温同书疼得眼前直冒金星,根本不知道丞相在说什么。章无患俯身拾起那四四方方的纸张,双手递了出去。
章无患不知那是什么,只见祖父一层一层打开,从纸张背后,可以看到密密麻麻的小字,也许是温同书作的文章。可是,祖父的脸色……章无患手心里捏了一把汗,几次犹豫,最后决定不要问,也不要说。
“砰!”
丞相砸了那碗酸梅汤。
章无患垂着头,连喘气都小心翼翼,偷偷看祖父的神色,似乎那纸上写了什么不得了的东西。
“无患。”
“祖父。”
“传杖来,给我打断他的腿!”
章无患一惊,再看温同书,他已清醒了,从地上爬起来,哭着朝丞相爬去:“丞相,那是、那是弟子写来玩的……不是……”
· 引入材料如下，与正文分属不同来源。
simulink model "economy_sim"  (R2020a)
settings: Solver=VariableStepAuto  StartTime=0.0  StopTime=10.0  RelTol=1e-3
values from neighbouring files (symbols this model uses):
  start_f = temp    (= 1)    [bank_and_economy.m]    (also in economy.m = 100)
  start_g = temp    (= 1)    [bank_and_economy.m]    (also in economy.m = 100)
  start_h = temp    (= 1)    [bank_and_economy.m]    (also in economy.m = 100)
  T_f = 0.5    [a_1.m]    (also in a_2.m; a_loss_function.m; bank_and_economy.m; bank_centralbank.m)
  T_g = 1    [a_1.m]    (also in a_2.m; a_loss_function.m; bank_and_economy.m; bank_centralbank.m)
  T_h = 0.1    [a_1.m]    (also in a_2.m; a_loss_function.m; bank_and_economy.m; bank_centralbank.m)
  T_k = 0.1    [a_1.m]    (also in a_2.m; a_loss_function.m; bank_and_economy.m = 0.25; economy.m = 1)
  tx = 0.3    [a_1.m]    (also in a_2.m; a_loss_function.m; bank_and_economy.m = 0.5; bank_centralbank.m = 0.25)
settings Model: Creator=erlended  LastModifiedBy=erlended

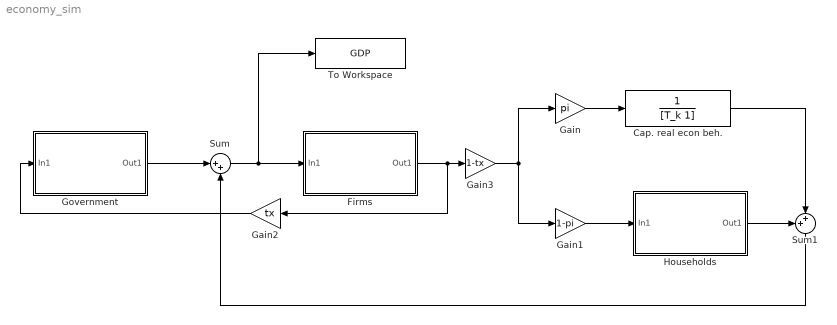
== system economy_sim ==
  Cap. real econ beh. : TransferFcn  Denominator=[T_k 1]
  Firms : Subsystem
  Gain : Gain  Gain=pi
  Gain1 : Gain  Gain=1-pi
  Gain2 : Gain  Gain=tx
  Gain3 : Gain  Gain=1-tx
  Government : Subsystem
  Households : Subsystem
  Sum : Sum  Inputs=|++
  Sum1 : Sum  Inputs=++|
  To Workspace : ToWorkspace  VariableName=GDP  SaveFormat=Timeseries  SampleTime=-1
  wires:
  Firms/1(Out1) -> Gain3/1, Gain2/1
  Gain/1 -> Cap. real econ beh./1
  Gain1/1 -> Households/1(In1)
  Sum/1 -> Firms/1(In1), To Workspace/1
  Gain3/1 -> Gain/1, Gain1/1
  Cap. real econ beh./1 -> Sum1/2
  Households/1(Out1) -> Sum1/1
  Sum1/1 -> Sum/2
  Gain2/1 -> Government/1(In1)
  Government/1(Out1) -> Sum/1

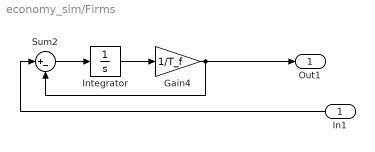
== system economy_sim/Firms ==
  In1 : Inport
  Gain4 : Gain  Gain=1/T_f
  Integrator : Integrator  InitialCondition=start_f
  Sum2 : Sum  Inputs=|+-
  Out1 : Outport
  wires:
  In1/1 -> Sum2/1
  Sum2/1 -> Integrator/1
  Gain4/1 -> Out1/1, Sum2/2
  Integrator/1 -> Gain4/1

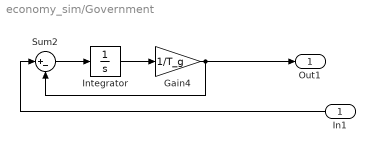
== system economy_sim/Government ==
  In1 : Inport
  Gain4 : Gain  Gain=1/T_g
  Integrator : Integrator  InitialCondition=start_g
  Sum2 : Sum  Inputs=|+-
  Out1 : Outport
  wires:
  In1/1 -> Sum2/1
  Sum2/1 -> Integrator/1
  Gain4/1 -> Out1/1, Sum2/2
  Integrator/1 -> Gain4/1

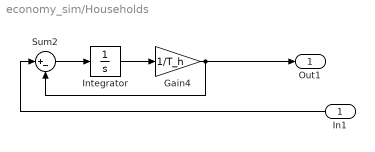
== system economy_sim/Households ==
  In1 : Inport
  Gain4 : Gain  Gain=1/T_h
  Integrator : Integrator  InitialCondition=start_h
  Sum2 : Sum  Inputs=|+-
  Out1 : Outport
  wires:
  In1/1 -> Sum2/1
  Sum2/1 -> Integrator/1
  Gain4/1 -> Out1/1, Sum2/2
  Integrator/1 -> Gain4/1
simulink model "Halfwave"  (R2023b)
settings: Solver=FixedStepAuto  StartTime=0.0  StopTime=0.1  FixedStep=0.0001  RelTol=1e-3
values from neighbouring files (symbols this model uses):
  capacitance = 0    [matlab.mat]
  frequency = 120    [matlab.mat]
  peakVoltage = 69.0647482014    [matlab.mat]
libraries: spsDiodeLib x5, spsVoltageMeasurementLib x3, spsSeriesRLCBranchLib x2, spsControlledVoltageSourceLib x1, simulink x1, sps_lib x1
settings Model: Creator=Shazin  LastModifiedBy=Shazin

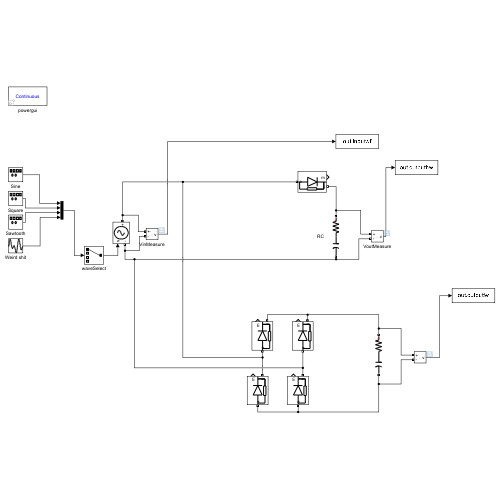
[thumbnail: Simulink's stored preview of the top-level diagram]
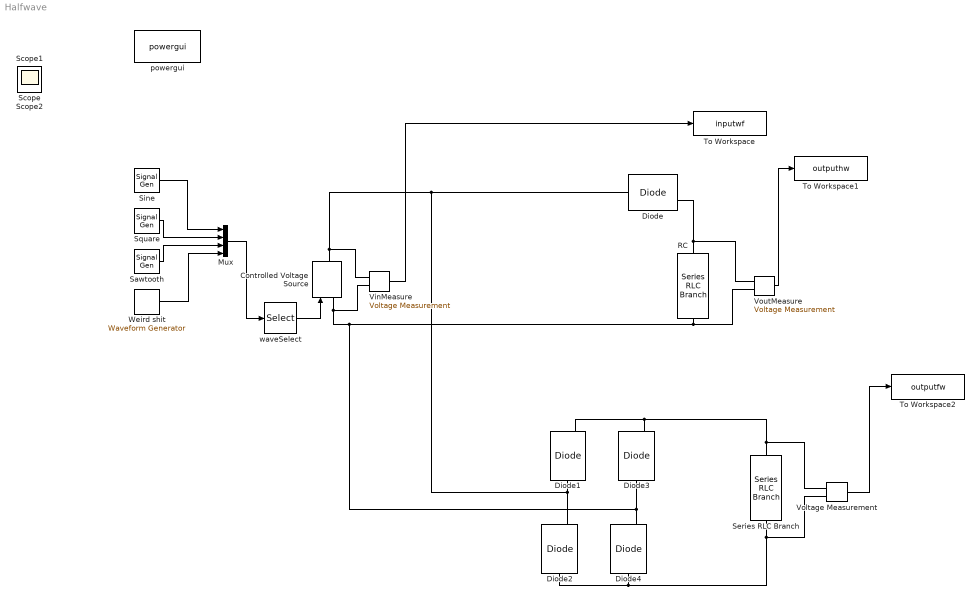
== system Halfwave ==
  Controlled Voltage Source : spsControlledVoltageSourceLib/Controlled Voltage Source  Initialize=on  Source_Type=AC  Amplitude=0  Phase=0  Frequency=0  Measurements=None
  Diode{,1..4} (5 alike) : spsDiodeLib/Diode  Ron=0.001  Lon=0  Vf=0.8  IC=0  UseSnubber=0  Rs=500  Cs=250e-9  Measurements=on
  Mux : Mux
  RC : spsSeriesRLCBranchLib/Series RLC Branch  LConnTagsString=__new0  RConnTagsString=__new0  BranchType=RC  Resistance=1000  Inductance=1e-3  SetiL0=off  InitialCurrent=0  Capacitance=capacitance  Setx0=off  InitialVoltage=0  Measurements=None
  Sawtooth : SignalGenerator  WaveForm=sawtooth  Amplitude=peakVoltage  Frequency=frequency
  Series RLC Branch : spsSeriesRLCBranchLib/Series RLC Branch  LConnTagsString=__new0  RConnTagsString=__new0  BranchType=RC  Resistance=1000  Inductance=1e-3  SetiL0=off  InitialCurrent=0  Capacitance=capacitance  Setx0=off  InitialVoltage=0  Measurements=None
  Sine : SignalGenerator  Amplitude=peakVoltage  Frequency=frequency
  Square : SignalGenerator  WaveForm=square  Amplitude=peakVoltage  Frequency=frequency
  To Workspace : ToWorkspace  VariableName=inputwf  SaveFormat=Timeseries  SampleTime=-1
  To Workspace1 : ToWorkspace  VariableName=outputhw  SaveFormat=Timeseries  SampleTime=-1
  To Workspace2 : ToWorkspace  VariableName=outputfw  SaveFormat=Timeseries  SampleTime=-1
  VinMeasure : spsVoltageMeasurementLib/Voltage Measurement  PhasorSimulation=off  OutputType=Complex  PSBequivalent=0
  Voltage Measurement : spsVoltageMeasurementLib/Voltage Measurement  PhasorSimulation=off  OutputType=Complex  PSBequivalent=0
  VoutMeasure : spsVoltageMeasurementLib/Voltage Measurement  PhasorSimulation=off  OutputType=Complex  PSBequivalent=0
  Weird shit : simulink/Sources/Waveform Generator  OutMin=[]  OutMax=[]  OutDataTypeStr=double  SelectedSignal=1  Signals=sin(peakVoltage*.6, frequency*pi*2*3, 0) + sin(peakVoltage, frequency*pi*2, 0) + sin(peakVoltage, 2*pi*(frequency+20), 50)  BlockNames=MultiportSwitch_ec4f99425d254b4  SampleTime=0.0001
  powergui : sps_lib/powergui  Priority=1  SimulationMode=Continuous  SampleTime=50e-6  frequency=60  Iterations=50  frequencyindice=0  Pbase=100e6  ErrMax=1e-4  UnitsV=kV  UnitsW=MW  buscounter=0  FunctionMessages=off  echomessages=off  EnableUseOfTLC=off  CurrentSourceSwitches=off  DisableSnubberDevices=off  DisableRonSwitches=off  DisableVfSwitches=off  DisplayEquations=off  AutomaticDiscreteSolvers=off  SolverType=Tustin/Backward Euler (TBE)  Interpol=off  ExternalGateDelay=off  methode=off  Ts=100  x0status=blocks  SPID=on  SwTol=0  HookPort=off  NonlinearTolerance=1e-4  nMaxIteration=100  ContinueOnMaxIteration=off  RestoreLinks=warning  ResistiveCurrentMeasurement=off  Frange=[0:2:500]  Ylog=off  Xlog=on  ShowGrid=off  save=off  variable=ZData  structure=0  ZoomFFT=off  StartTime=0.0  cycles=1  DisplayStyle=1  fundamental=60  FreqAxis=off  MaxFrequency=1000  frequencyindicesteady=1  RmsSteady=1  display=off
  waveSelect : Selector  InputPortWidth=4  IndexOptions=Index vector (dialog)  Indices=1  OutputSizes=1
  Scope : Scope
  Scope1 : Scope
  Scope2 : Scope
  wires:
  VoutMeasure/1 -> To Workspace1/1
  VinMeasure/1 -> To Workspace/1
  Sine/1 -> Mux/1
  Square/1 -> Mux/2
  Sawtooth/1 -> Mux/3
  Mux/1 -> waveSelect/1
  waveSelect/1 -> Controlled Voltage Source/1
  Weird shit/1 -> Mux/4
  Voltage Measurement/1 -> To Workspace2/1
  connections:
  Diode/RConn1 -- VoutMeasure/LConn1 -- RC/LConn1
  VinMeasure/LConn1 -- Diode1/LConn1 -- Diode2/RConn1 -- Diode/LConn1 -- Controlled Voltage Source/RConn1
  Controlled Voltage Source/LConn1 -- VinMeasure/LConn2 -- Diode3/LConn1 -- Diode4/RConn1 -- VoutMeasure/LConn2 -- RC/RConn1
  Diode1/RConn1 -- Voltage Measurement/LConn1 -- Series RLC Branch/LConn1 -- Diode3/RConn1
  Diode2/LConn1 -- Voltage Measurement/LConn2 -- Series RLC Branch/RConn1 -- Diode4/LConn1

“啪!”一个耳光把小孩扇倒在地,丞相恨铁不成钢道:“不是什么?我和你师父教你作文章,就是让你写这种下流东西的吗?你!你真是,朽木不可雕,粪土之墙不可圬!亏我日日在这里指点你的文章,没想到你竟然……”
温同书涕泪齐下,捂着脸爬起来:“丞相,弟子知道错了,弟子知错了,求您原谅弟子吧!丞相呜呜呜……我知道错了!求您了……”
“到这会你知道错了,我若是没瞧见,你是不是就不知道?温同书,你太教我失望了!”
“丞相!我错了,我会好好作文章,求您再给弟子一次机会……”
“你还愣着干什么?!”丞相锐利的目光突然转向章无患,“还不去传杖?!”
章无患又是一惊,犹豫了一会,道:“是。”
章无患出去了,温同书仍旧拉了丞相的袖子,哭个不停。他不知道他为什么哭,或许是害怕挨板子,或许是怕丞相对他失望了,又或许,他隐隐感觉到,有什么在上个暮春萌芽的东西在这个初夏被无情地折断了。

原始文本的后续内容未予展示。